Should the policy also address gifts to physicians?
Yes. The policy can say something like the following about Gifts to Physicians:
• Never give a gift in exchange for a referral.
• No alcoholic beverages, gift certificates, coupons, gift cards, cash, or other cash equivalents, in any amount, unless you receive prior approval from the CO.
• As with gifts to non-physicians, gifts to physicians cannot exceed $35 in value unless prior approval is obtained from the CO.
• No gifts to family members of physicians.
• Total value of everything given to a physician in any one-year period cannot exceed $352. This includes, for example, any entry or green fees for a physician paid by ABC to take the physician golfing or to a sporting or other event – even if an ABC employee also participates or attends. It also includes, for example, training and education for the physician. The $352 annual limitation also covers any meals, refreshments or other items or services that are provided or paid for by ABC for the physician.
• Gifts must be occasional.
• No “thank you” gifts.
• No gifts to group practices, but gifts can be given to individual physicians in a group practice.
• Gifts cannot be given if they have been solicited by physicians or their staff.
• A physician may be compensated for consulting, research, advisory and other professional services—including out-of-pocket expenses—so long as the services have substantive value to ABC, the compensation is the fair market value equivalent to the services rendered, the arrangement is described in a contract executed by the physician and ABC, and the contract is approved by ABC’s legal counsel.
Should the policy also address gifts to patients?
Yes. The policy can say something like the following about Gifts to Patients:
• Never give a gift in exchange for a referral.
• For Medicare and Medicaid patients: Each item may not have a retail value in excess of $10; the retail value of all items given in any one-year period to any one patient must not exceed $50.

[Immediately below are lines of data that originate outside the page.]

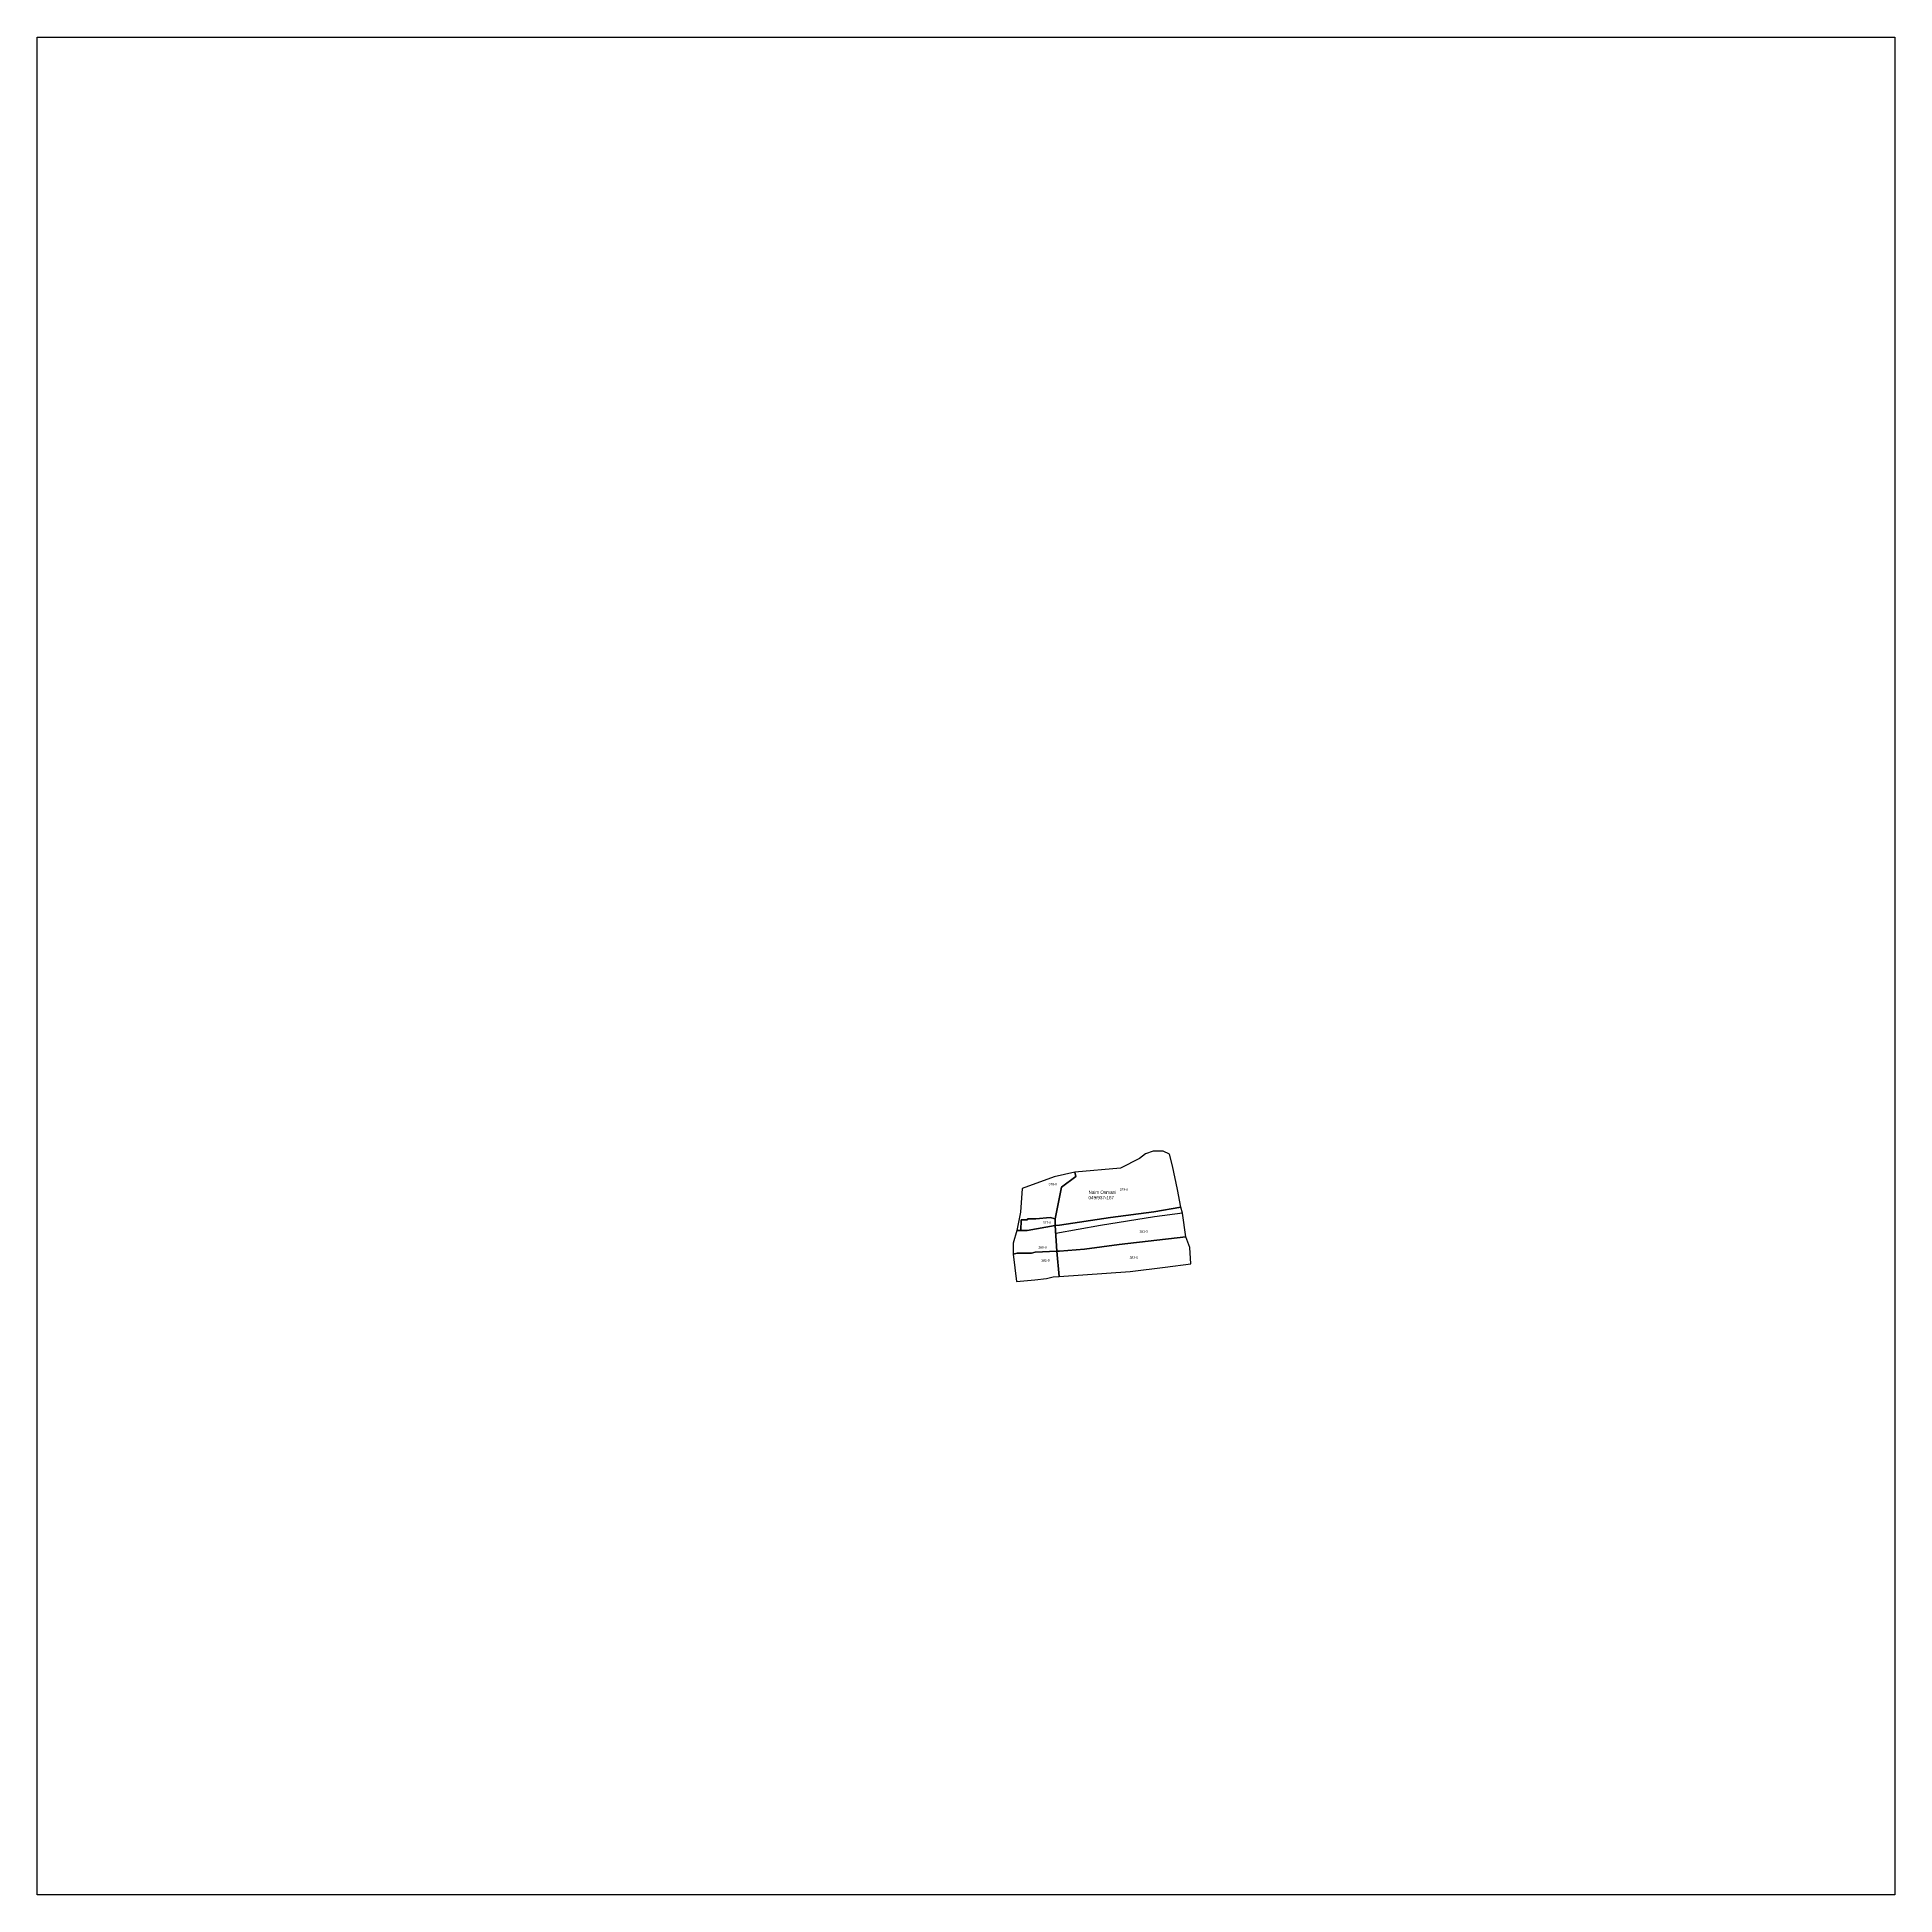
# Model space of a CAD drawing. Header units: metres. Extents: x 7510000 to 7512000, y 4700000 to 4702000.
import ezdxf
from ezdxf.enums import TextEntityAlignment as Align

# ---------------------------------------------------------------- set-up
doc = ezdxf.new("R2010")
doc.units = ezdxf.units.M
doc.layers.add('TERNE_A10_PAR_PARCEL_TXT', color=7, linetype='Continuous')
doc.layers.add('TERNE_PAR_PARCELGEOM_ILI', color=7, linetype='Continuous')
doc.styles.get("Standard").update_dxf_attribs({"font": 'arial.ttf'})
picture_1 = doc.add_image_def('image1.ecw', size_in_pixel=(10000, 10000))

msp = doc.modelspace()

# ---------------------------------------------------------------- linework, layer by layer
at = {"color": 2, "flags": 128}
msp.add_lwpolyline([(7511233, 4700734), (7511202.9, 4700730), (7511144.7, 4700720.8), (7511096.6, 4700712)], dxfattribs=at)
at = {"layer": 'TERNE_PAR_PARCELGEOM_ILI', "linetype": 'Continuous'}
for points in [[(7511231.3, 4700740.3), (7511227.8, 4700759.4), (7511222.3, 4700785), (7511219.1, 4700797.4), (7511212.1, 4700800.8), (7511201.6, 4700800.8), (7511193.2, 4700797.7), (7511186.7, 4700792.9), (7511166.3, 4700782.4), (7511117, 4700778.1), (7511118.1, 4700773.4), (7511102.8, 4700761.8), (7511095.9, 4700727.9), (7511096.1, 4700720.6), (7511100.6, 4700720.9), (7511155.5, 4700729.1), (7511202.4, 4700735.5), (7511231.3, 4700740.3)], [(7511102.8, 4700761.8), (7511118.1, 4700773.4), (7511117, 4700778.1), (7511094.9, 4700772.9), (7511060.3, 4700760.3), (7511058.6, 4700734.9), (7511054.7, 4700715.4), (7511059.1, 4700715.1), (7511059.4, 4700726.7), (7511065.8, 4700726.9), (7511066.6, 4700727.9), (7511075.3, 4700727.8), (7511090.6, 4700729.1), (7511095.9, 4700727.9), (7511102.8, 4700761.8)], [(7511236.8, 4700708.3), (7511233, 4700734), (7511231.3, 4700740.3), (7511202.4, 4700735.5), (7511155.5, 4700729.1), (7511100.6, 4700720.9), (7511096.1, 4700720.6), (7511097.7, 4700693.1), (7511100.8, 4700693), (7511127.6, 4700695.3), (7511165, 4700700.2), (7511236.8, 4700708.3)], [(7511097.7, 4700693.1), (7511096.1, 4700720.6), (7511065.8, 4700715.1), (7511059.1, 4700715.1), (7511054.7, 4700715.4), (7511050.9, 4700701.7), (7511050.9, 4700689.7), (7511055, 4700690.7), (7511070.5, 4700690.9), (7511074.5, 4700691.9), (7511097.7, 4700693.1)], [(7511096.1, 4700720.6), (7511095.9, 4700727.9), (7511090.6, 4700729.1), (7511075.3, 4700727.8), (7511066.6, 4700727.9), (7511065.8, 4700726.9), (7511059.4, 4700726.7), (7511059.1, 4700715.1), (7511065.8, 4700715.1), (7511096.1, 4700720.6)], [(7511242.2, 4700679.4), (7511240.9, 4700696.9), (7511236.8, 4700708.3), (7511165, 4700700.2), (7511127.6, 4700695.3), (7511100.8, 4700693), (7511097.7, 4700693.1), (7511100.2, 4700665.8), (7511176.7, 4700671.1), (7511214.4, 4700675.9), (7511242.2, 4700679.4)], [(7511100.2, 4700665.8), (7511097.7, 4700693.1), (7511074.5, 4700691.9), (7511070.5, 4700690.9), (7511055, 4700690.7), (7511050.9, 4700689.7), (7511054.2, 4700660.5), (7511074.2, 4700662.1), (7511086.7, 4700663.6), (7511093.9, 4700665.4), (7511100.2, 4700665.8)]]:
    msp.add_lwpolyline(points, close=True, dxfattribs=at)

# ---------------------------------------------------------------- texts
at = {"color": 1, "insert": (7511131.9, 4700758.2), "char_height": 3.5, "attachment_point": 1}
msp.add_mtext_dynamic_manual_height_columns('Naim Osmani\\P049/937-167', width=38.689, gutter_width=14.1, heights=[0], dxfattribs=at)
at = {"layer": 'TERNE_A10_PAR_PARCEL_TXT', "color": 7}
for s, p in [('378-0', (7511093.4, 4700765.1)), ('379-0', (7511170, 4700759.3)), ('377-0', (7511087.1, 4700723.7)), ('381-0', (7511191.3, 4700714.2)), ('380-0', (7511082.3, 4700697.1)), ('382-0', (7511085.5, 4700683)), ('383-0', (7511180.7, 4700686.1))]:
    msp.add_text(s, height=2.5, dxfattribs=at).set_placement(p, align=Align.MIDDLE_CENTER)

# ---------------------------------------------------------------- pictures from other files: only their frames are drawn
image = msp.add_image(picture_1, insert=(7510000, 4700000), size_in_units=(2000, 2000), dxfattribs=dict(brightness=70))
image.dxf.flags = 7

doc.saveas('drawing.dxf')

• In the event that ABC makes a mistake that results in inconvenience for a patient, then an apology gift may be given to the patient so long as the apology gift does not cost in excess of $35.
• No alcoholic beverages, gift certificates, coupons, gift cards, cash, or other cash equivalents, in any amount, unless you receive prior approval from the CO.
• Gifts with a retail value greater than $10 may be donated to charities, including patient advocacy groups, to benefit families and individuals in need, provided that the gifts do not specify which group—such as ABC patients—or which individual is to receive the gift.
Lastly, should there be disciplinary action in the event a marketing employee violates the policy?
Yes. Any employee who fails to comply with the ABC gift policy may be subject to disciplinary action, up to and including termination. Additionally, ABC may not reimburse employees for gifts they make that violate the Policy.